As the Leahy children grew up, university, careers, marriages and children meant they had little time to perform together. But the impetus to regroup on a regular basis began about two years ago, when a passionate fan called Willow McCarter urged Donnell to play publicly more often. "Willow got mad at me for not pursuing my music enough," says Donnell. "She got on the phone to Peter Gzowski at Morningside, and other people in the media. She was a major inspiration." (McCarter died of cancer over a year ago, and the Leahy CD is dedicated to her.)
The newly reconstituted Leahy began with five siblings playing bars and festivals in Toronto, New York City and Chicago. To satisfy fans' demands for CDs at their live shows, last fall family members themselves produced Leahy, now being distributed by Virgin. A video of their single The Call to Dance features black-clad, black-haired brothers and sisters fiddling and playing piano and bass while one sibling, Agnes, gives an exhilarating display of free-form step-dancing.
Mary Jane Lamond does not step-dance, but she includes the sounds of step dancers at a West Mabou, Cape Breton, community centre on Stepping Song, which has been made into a video. It is part of Lamond's passion for her adopted community that she maintain the authentic sounds and songs of Gaelic culture in her music. The singer from Kingston, Ont., spent her formative years in Ontario and Quebec, but had soaked up Celtic influences when visiting her paternal grandparents in Cape Breton. Lamond returned to the East Coast to attend the Celtic studies program at Saint Francis Xavier University in Antigonish, N.S., graduating with a BA in 1995. "I fell in love with the culture and history and the language," says Lamond, who notes that it has taken her about seven years to learn to speak Gaelic proficiently.

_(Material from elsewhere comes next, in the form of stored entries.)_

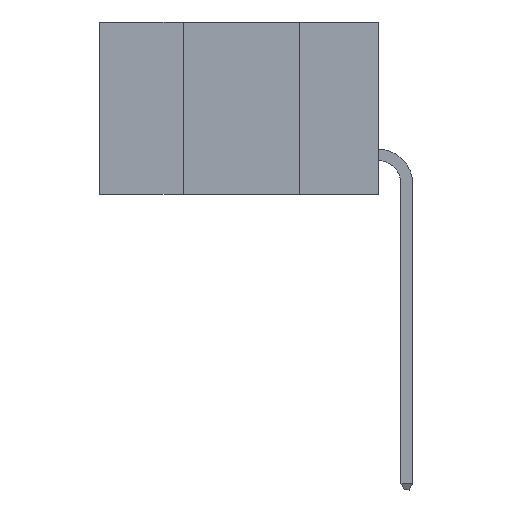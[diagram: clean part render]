
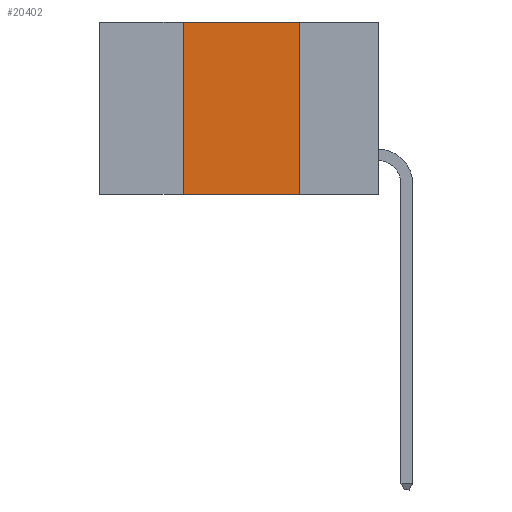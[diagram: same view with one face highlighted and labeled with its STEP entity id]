
A CAD part, left-side view. The second image highlights one B-rep face of the part: STEP entity #20402.
In plain terms, the highlighted planar face has unit normal (-1, 0, 0).
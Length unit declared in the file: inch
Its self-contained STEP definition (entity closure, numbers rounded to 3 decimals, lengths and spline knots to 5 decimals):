
#1171 = DIRECTION ( 'NONE',  ( 0., 0., 1. ) ) ;
#1295 = CARTESIAN_POINT ( 'NONE',  ( 0., 0.42, 0. ) ) ;
#3103 = CARTESIAN_POINT ( 'NONE',  ( 0., 0.42, -0.37 ) ) ;
#3495 = LINE ( 'NONE', #8584, #8060 ) ;
#3633 = LINE ( 'NONE', #22404, #12762 ) ;
#6248 = EDGE_LOOP ( 'NONE', ( #13584, #17123, #14514, #25094 ) ) ;
#6449 = VERTEX_POINT ( 'NONE', #18791 ) ;
#6609 = VECTOR ( 'NONE', #17322, 39.37008 ) ;
#8009 = EDGE_CURVE ( 'NONE', #18616, #8533, #3633, .T. ) ;
#8060 = VECTOR ( 'NONE', #20233, 39.37008 ) ;
#8533 = VERTEX_POINT ( 'NONE', #1295 ) ;
#8584 = CARTESIAN_POINT ( 'NONE',  ( 0., 0.17, 0. ) ) ;
#9491 = DIRECTION ( 'NONE',  ( 0., -1., 0. ) ) ;
#9704 = EDGE_CURVE ( 'NONE', #18616, #6449, #18253, .T. ) ;
#11495 = DIRECTION ( 'NONE',  ( 1., 0., 0. ) ) ;
#12762 = VECTOR ( 'NONE', #1171, 39.37008 ) ;
#13584 = ORIENTED_EDGE ( 'NONE', *, *, #14415, .F. ) ;
#14160 = FACE_OUTER_BOUND ( 'NONE', #6248, .T. ) ;
#14415 = EDGE_CURVE ( 'NONE', #24265, #6449, #3495, .T. ) ;
#14514 = ORIENTED_EDGE ( 'NONE', *, *, #8009, .F. ) ;
#15443 = CARTESIAN_POINT ( 'NONE',  ( 0., 0.6, 0. ) ) ;
#17123 = ORIENTED_EDGE ( 'NONE', *, *, #19247, .F. ) ;
#17322 = DIRECTION ( 'NONE',  ( 0., -1., 0. ) ) ;
#17516 = PLANE ( 'NONE',  #18453 ) ;
#18253 = LINE ( 'NONE', #23082, #6609 ) ;
#18453 = AXIS2_PLACEMENT_3D ( 'NONE', #15443, #11495, #21322 ) ;
#18616 = VERTEX_POINT ( 'NONE', #3103 ) ;
#18791 = CARTESIAN_POINT ( 'NONE',  ( 0., 0.17, -0.37 ) ) ;
#19247 = EDGE_CURVE ( 'NONE', #8533, #24265, #21532, .T. ) ;
#20233 = DIRECTION ( 'NONE',  ( 0., 0., -1. ) ) ;
#20402 = ADVANCED_FACE ( 'NONE', ( #14160 ), #17516, .F. ) ;
#21131 = CARTESIAN_POINT ( 'NONE',  ( 0., 0.6, 0. ) ) ;
#21322 = DIRECTION ( 'NONE',  ( 0., 0., -1. ) ) ;
#21532 = LINE ( 'NONE', #21131, #24898 ) ;
#21822 = CARTESIAN_POINT ( 'NONE',  ( 0., 0.17, 0. ) ) ;
#22404 = CARTESIAN_POINT ( 'NONE',  ( 0., 0.42, 0. ) ) ;
#23082 = CARTESIAN_POINT ( 'NONE',  ( 0., 0.6, -0.37 ) ) ;
#24265 = VERTEX_POINT ( 'NONE', #21822 ) ;
#24898 = VECTOR ( 'NONE', #9491, 39.37008 ) ;
#25094 = ORIENTED_EDGE ( 'NONE', *, *, #9704, .T. ) ;

While her academic studies did not include music, Lamond sought out Gaelic speakers in Cape Breton to teach her their songs. In 1994, she made a CD of traditional songs that featured a then-largely unknown Ashley MacIsaac, the beginning of a highly successful collaboration that has yielded the hit Sleepy Maggie and extensive touring as a member of MacIsaac's troupe. Now, with the release of her own CD, Lamond is in the midst of another North American tour.
It may be too early to tell, but so far purists seem to be responding well to Lamond's contemporary arrangements of traditional songs. As for her neighbors in Cape Breton, she says: "People there mostly think it's great, or funny, that I get paid to sing Gaelic songs in Vancouver or Seattle or wherever." And she admits to little concern about how the unfamiliar lyrics might affect sales. "What's important is that I'm doing something I really love," says Lamond. "It's my work, my chosen expression."
Lamond has added yet another innovative element to a lively East Coast music scene. And as Sheri Jones, the Halifax-based manager of Lamond and MacIsaac, points out, Cape Breton has been producing wonderful music for hundreds of years. "What's new is that people outside have discovered it," she says. "Maybe Celtic music has become so popular because people want to become more aware of their roots and cling to something meaningful." But whether the current popular fascination with things Celtic will fade or grow, Jones says, "the music is here to stay."